Pues bien, en orden a avanzar en esta dirección, me
permito indicar varios puntos que sería bueno proponer y reivindicar en esta
primera etapa sinodal para que, al menos, alguno de ellos acabara siendo un
clamor eclesial
El primero, que los obispos sean nombrados por un tiempo
determinado con la participación del pueblo de Dios, bien sea eligiendo uno de entre
tres candidatos que pueda enviar la Santa Sede, bien sea presentando una terna para
que el Vaticano escoja uno. El segundo, que -siendo el cuidado de la unidad de
fe y de la comunión eclesial la razón de ser de la autoridad en la Iglesia- lo normal
es que lo aprobado por mayoría cualificada en los Sínodos, Asambleas y diferentes
consejos eclesiales quede ratificado tanto por el Papa como por los obispos y sacerdotes,
si no se atenta contra dichas fe y comunión eclesial. El tercero, que el laicado
pueda desempeñar tareas de gobierno y de magisterio -hasta el presente reservadas
a los obispos, presbíteros y diáconos- ya que ellos también están investidos de
“autoridad” por el bautismo. El cuarto, que se establezcan Sínodos o Asambleas diocesanas
regulares en todas las diócesis e iglesias del mundo. Y el quinto -de momento,
último- que se instituya un Sínodo mundial no solo de obispos, sino de todo el pueblo
de Dios con representantes del laicado, religiosos y religiosas, presbíteros y diáconos.

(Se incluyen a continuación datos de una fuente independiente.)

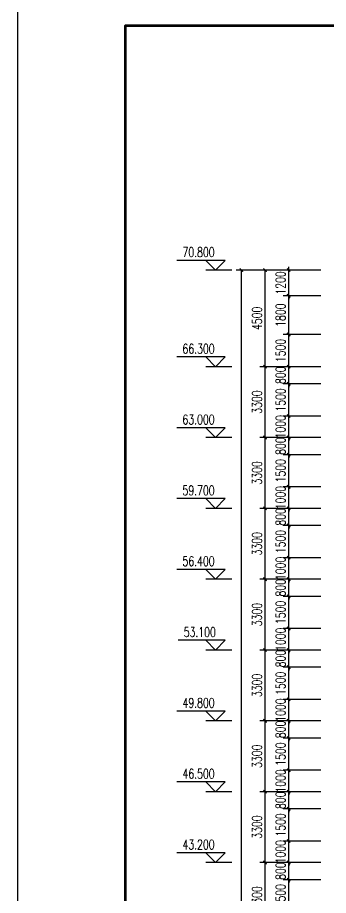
# Model space of a CAD drawing. Extents: x -1 to 1050000, y -900000 to 0.
# Drawn here: x 420000 to 434468, y -103715 to -62817 of the extents above; entities that cross this region are included whole.
import ezdxf

# ---------------------------------------------------------------- set-up
doc = ezdxf.new("R2010")
doc.units = 0
doc.header["$LTSCALE"] = 1000
doc.header["$MEASUREMENT"] = 0
for name, color, linetype in [('DIM_ELEV', 3, 'Continuous'), ('G-ANNO-TTLB-THIN', 151, 'Continuous'), ('PUB_DIM', 3, 'Continuous'), ('PUB_TEXT', 7, 'Continuous')]:
    doc.layers.add(name, color=color, linetype=linetype)
doc.layers.add('G-ANNO-TTLB-WIDE', color=214, linetype='Continuous', lineweight=100)
doc.styles.add('_TCH_DIM', font='SIMPLEX', dxfattribs={"bigfont": 'GBCBIG'})
doc.styles.add('_TCH_DIM_T3', font='SIMPLEX', dxfattribs={"width": 0.705882, "bigfont": 'GBCBIG'})
doc.dimstyles.new('_TCH_ARCH&&100', dxfattribs={"dimtxt": 297.5, "dimasz": 100, "dimexe": 250, "dimexo": 300, "dimgap": 126.25, "dimtad": 1, "dimdec": 0, "dimzin": 0, "dimdsep": 46, "dimtxsty": '_TCH_DIM_T3', "dimblk": 'ARCHTICK', "dimcen": 0.09, "dimclrt": 7, "dimazin": 2, "dimtfac": 1, "dimtdec": 0, "dimtix": 1, "dimtmove": 2, "dimatfit": 3, "dimfxl": 1, "dimtolj": 1, "dimtzin": 0, "dimarcsym": 0})

# ---------------------------------------------------------------- blocks, each defined once
blk = doc.blocks.new('_ArchTick')
at = {"color": 0, "linetype": 'ByBlock', "const_width": 0.4}
blk.add_lwpolyline([(-0.5, -0.5), (0.5, 0.5)], dxfattribs=at)
blk = doc.blocks.new('*D450')
at = {"layer": 'Defpoints', "color": 0, "transparency": 16777216}
for p in [(432618, -102981), (434418, -102981), (434418, -104481)]:
    blk.add_point(p, dxfattribs=at)
at = {"layer": 'PUB_DIM', "color": 0, "lineweight": -2, "transparency": 16777216}
for p, q in [((434118, -102981), (432368, -102981)), ((432618, -104481), (432618, -102981)), ((434118, -104481), (432368, -104481))]:
    blk.add_line(p, q, dxfattribs=at)
at = {"layer": 'PUB_DIM', "color": 0, "lineweight": -2, "transparency": 16777216, "xscale": 150, "yscale": 150, "zscale": 150}
for p, rotation in [((432618, -102981), 90), ((432618, -104481), 270)]:
    blk.add_blockref('_ArchTick', p, dxfattribs=dict(at, rotation=rotation))
at = {"layer": 'PUB_DIM', "color": 7, "transparency": 16777216, "insert": (432243, -103731), "char_height": 450, "attachment_point": 5, "rotation": 90, "style": '_TCH_DIM_T3'}
blk.add_mtext('\\A1;1500', dxfattribs=at)
blk = doc.blocks.new('*D451')
at = {"layer": 'Defpoints', "color": 0, "transparency": 16777216}
for p in [(432618, -102181), (434418, -102181), (434418, -102981)]:
    blk.add_point(p, dxfattribs=at)
at = {"layer": 'PUB_DIM', "color": 0, "lineweight": -2, "transparency": 16777216}
for p, q in [((434118, -102181), (432368, -102181)), ((432618, -102181), (432618, -102031)), ((432618, -102981), (432618, -102181)), ((434118, -102981), (432368, -102981)), ((432618, -102981), (432618, -103131))]:
    blk.add_line(p, q, dxfattribs=at)
at = {"layer": 'PUB_DIM', "color": 0, "lineweight": -2, "transparency": 16777216, "xscale": 150, "yscale": 150, "zscale": 150}
for p, rotation in [((432618, -102181), 270), ((432618, -102981), 90)]:
    blk.add_blockref('_ArchTick', p, dxfattribs=dict(at, rotation=rotation))
at = {"layer": 'PUB_DIM', "color": 7, "transparency": 16777216, "insert": (432243, -102581), "char_height": 450, "attachment_point": 5, "rotation": 90, "style": '_TCH_DIM_T3'}
blk.add_mtext('\\A1;800', dxfattribs=at)
blk = doc.blocks.new('*D452')
at = {"layer": 'Defpoints', "color": 0, "transparency": 16777216}
for p in [(432618, -101181), (434418, -101181), (434418, -102181)]:
    blk.add_point(p, dxfattribs=at)
at = {"layer": 'PUB_DIM', "color": 0, "lineweight": -2, "transparency": 16777216}
for p, q in [((434118, -101181), (432368, -101181)), ((432618, -101181), (432618, -101031)), ((432618, -102181), (432618, -101181)), ((434118, -102181), (432368, -102181)), ((432618, -102181), (432618, -102331))]:
    blk.add_line(p, q, dxfattribs=at)
at = {"layer": 'PUB_DIM', "color": 0, "lineweight": -2, "transparency": 16777216, "xscale": 150, "yscale": 150, "zscale": 150}
for p, rotation in [((432618, -101181), 270), ((432618, -102181), 90)]:
    blk.add_blockref('_ArchTick', p, dxfattribs=dict(at, rotation=rotation))
at = {"layer": 'PUB_DIM', "color": 7, "transparency": 16777216, "insert": (432243, -101681), "char_height": 450, "attachment_point": 5, "rotation": 90, "style": '_TCH_DIM_T3'}
blk.add_mtext('\\A1;1000', dxfattribs=at)
blk = doc.blocks.new('*D453')
at = {"layer": 'Defpoints', "color": 0, "transparency": 16777216}
for p in [(432618, -99681), (434418, -99681), (434418, -101181)]:
    blk.add_point(p, dxfattribs=at)
at = {"layer": 'PUB_DIM', "color": 0, "lineweight": -2, "transparency": 16777216}
for p, q in [((434118, -99681), (432368, -99681)), ((432618, -101181), (432618, -99681)), ((434118, -101181), (432368, -101181))]:
    blk.add_line(p, q, dxfattribs=at)
at = {"layer": 'PUB_DIM', "color": 0, "lineweight": -2, "transparency": 16777216, "xscale": 150, "yscale": 150, "zscale": 150}
for p, rotation in [((432618, -99681), 90), ((432618, -101181), 270)]:
    blk.add_blockref('_ArchTick', p, dxfattribs=dict(at, rotation=rotation))
at = {"layer": 'PUB_DIM', "color": 7, "transparency": 16777216, "insert": (432243, -100431), "char_height": 450, "attachment_point": 5, "rotation": 90, "style": '_TCH_DIM_T3'}
blk.add_mtext('\\A1;1500', dxfattribs=at)
blk = doc.blocks.new('*D454')
at = {"layer": 'Defpoints', "color": 0, "transparency": 16777216}
for p in [(432618, -98881), (434418, -98881), (434418, -99681)]:
    blk.add_point(p, dxfattribs=at)
at = {"layer": 'PUB_DIM', "color": 0, "lineweight": -2, "transparency": 16777216}
for p, q in [((434118, -98881), (432368, -98881)), ((432618, -98881), (432618, -98731)), ((432618, -99681), (432618, -98881)), ((434118, -99681), (432368, -99681)), ((432618, -99681), (432618, -99831))]:
    blk.add_line(p, q, dxfattribs=at)
at = {"layer": 'PUB_DIM', "color": 0, "lineweight": -2, "transparency": 16777216, "xscale": 150, "yscale": 150, "zscale": 150}
for p, rotation in [((432618, -98881), 270), ((432618, -99681), 90)]:
    blk.add_blockref('_ArchTick', p, dxfattribs=dict(at, rotation=rotation))
at = {"layer": 'PUB_DIM', "color": 7, "transparency": 16777216, "insert": (432243, -99281), "char_height": 450, "attachment_point": 5, "rotation": 90, "style": '_TCH_DIM_T3'}
blk.add_mtext('\\A1;800', dxfattribs=at)
blk = doc.blocks.new('*D455')
at = {"layer": 'Defpoints', "color": 0, "transparency": 16777216}
for p in [(432618, -97881), (434418, -97881), (434418, -98881)]:
    blk.add_point(p, dxfattribs=at)
at = {"layer": 'PUB_DIM', "color": 0, "lineweight": -2, "transparency": 16777216}
for p, q in [((432618, -97881), (432618, -97731)), ((434118, -97881), (432368, -97881)), ((432618, -98881), (432618, -97881)), ((434118, -98881), (432368, -98881)), ((432618, -98881), (432618, -99031))]:
    blk.add_line(p, q, dxfattribs=at)
at = {"layer": 'PUB_DIM', "color": 0, "lineweight": -2, "transparency": 16777216, "xscale": 150, "yscale": 150, "zscale": 150}
for p, rotation in [((432618, -97881), 270), ((432618, -98881), 90)]:
    blk.add_blockref('_ArchTick', p, dxfattribs=dict(at, rotation=rotation))
at = {"layer": 'PUB_DIM', "color": 7, "transparency": 16777216, "insert": (432243, -98381), "char_height": 450, "attachment_point": 5, "rotation": 90, "style": '_TCH_DIM_T3'}
blk.add_mtext('\\A1;1000', dxfattribs=at)
blk = doc.blocks.new('*D456')
at = {"layer": 'Defpoints', "color": 0, "transparency": 16777216}
for p in [(432618, -96381), (434418, -96381), (434418, -97881)]:
    blk.add_point(p, dxfattribs=at)
at = {"layer": 'PUB_DIM', "color": 0, "lineweight": -2, "transparency": 16777216}
for p, q in [((434118, -96381), (432368, -96381)), ((432618, -97881), (432618, -96381)), ((434118, -97881), (432368, -97881))]:
    blk.add_line(p, q, dxfattribs=at)
at = {"layer": 'PUB_DIM', "color": 0, "lineweight": -2, "transparency": 16777216, "xscale": 150, "yscale": 150, "zscale": 150}
for p, rotation in [((432618, -96381), 90), ((432618, -97881), 270)]:
    blk.add_blockref('_ArchTick', p, dxfattribs=dict(at, rotation=rotation))
at = {"layer": 'PUB_DIM', "color": 7, "transparency": 16777216, "insert": (432243, -97131), "char_height": 450, "attachment_point": 5, "rotation": 90, "style": '_TCH_DIM_T3'}
blk.add_mtext('\\A1;1500', dxfattribs=at)
blk = doc.blocks.new('*D457')
at = {"layer": 'Defpoints', "color": 0, "transparency": 16777216}
for p in [(432618, -95581), (434418, -95581), (434418, -96381)]:
    blk.add_point(p, dxfattribs=at)
at = {"layer": 'PUB_DIM', "color": 0, "lineweight": -2, "transparency": 16777216}
for p, q in [((434118, -95581), (432368, -95581)), ((432618, -95581), (432618, -95431)), ((432618, -96381), (432618, -95581)), ((434118, -96381), (432368, -96381)), ((432618, -96381), (432618, -96531))]:
    blk.add_line(p, q, dxfattribs=at)
at = {"layer": 'PUB_DIM', "color": 0, "lineweight": -2, "transparency": 16777216, "xscale": 150, "yscale": 150, "zscale": 150}
for p, rotation in [((432618, -95581), 270), ((432618, -96381), 90)]:
    blk.add_blockref('_ArchTick', p, dxfattribs=dict(at, rotation=rotation))
at = {"layer": 'PUB_DIM', "color": 7, "transparency": 16777216, "insert": (432243, -95981), "char_height": 450, "attachment_point": 5, "rotation": 90, "style": '_TCH_DIM_T3'}
blk.add_mtext('\\A1;800', dxfattribs=at)
blk = doc.blocks.new('*D458')
at = {"layer": 'Defpoints', "color": 0, "transparency": 16777216}
for p in [(432618, -94581), (434418, -94581), (434418, -95581)]:
    blk.add_point(p, dxfattribs=at)
at = {"layer": 'PUB_DIM', "color": 0, "lineweight": -2, "transparency": 16777216}
for p, q in [((432618, -94581), (432618, -94431)), ((434118, -94581), (432368, -94581)), ((432618, -95581), (432618, -94581)), ((434118, -95581), (432368, -95581)), ((432618, -95581), (432618, -95731))]:
    blk.add_line(p, q, dxfattribs=at)
at = {"layer": 'PUB_DIM', "color": 0, "lineweight": -2, "transparency": 16777216, "xscale": 150, "yscale": 150, "zscale": 150}
for p, rotation in [((432618, -94581), 270), ((432618, -95581), 90)]:
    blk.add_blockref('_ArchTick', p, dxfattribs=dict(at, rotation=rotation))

Ya sé que habrá quien diga que estoy formulando
propuestas imposibles “porque no es el momento para ello”, es decir, porque son
“imprudentes”. Bueno, si esa es toda la fuerza de su argumentación, entiendo -a
diferencia de ellos- que ha llegado la hora de insistir “a tiempo y a
destiempo, con ocasión y sin ella”. Es más, creo que se nos ha convocado,
precisamente, para decir lo que nos parezca más conveniente. Por eso, me
permito acabar estas líneas formulando un deseo todavía más “imprudente”, pero
igualmente necesario: ¡Ojalá este Sínodo sea el primer paso hacia un Concilio
Vaticano III, por supuesto, de matriz indudablemente sinodal!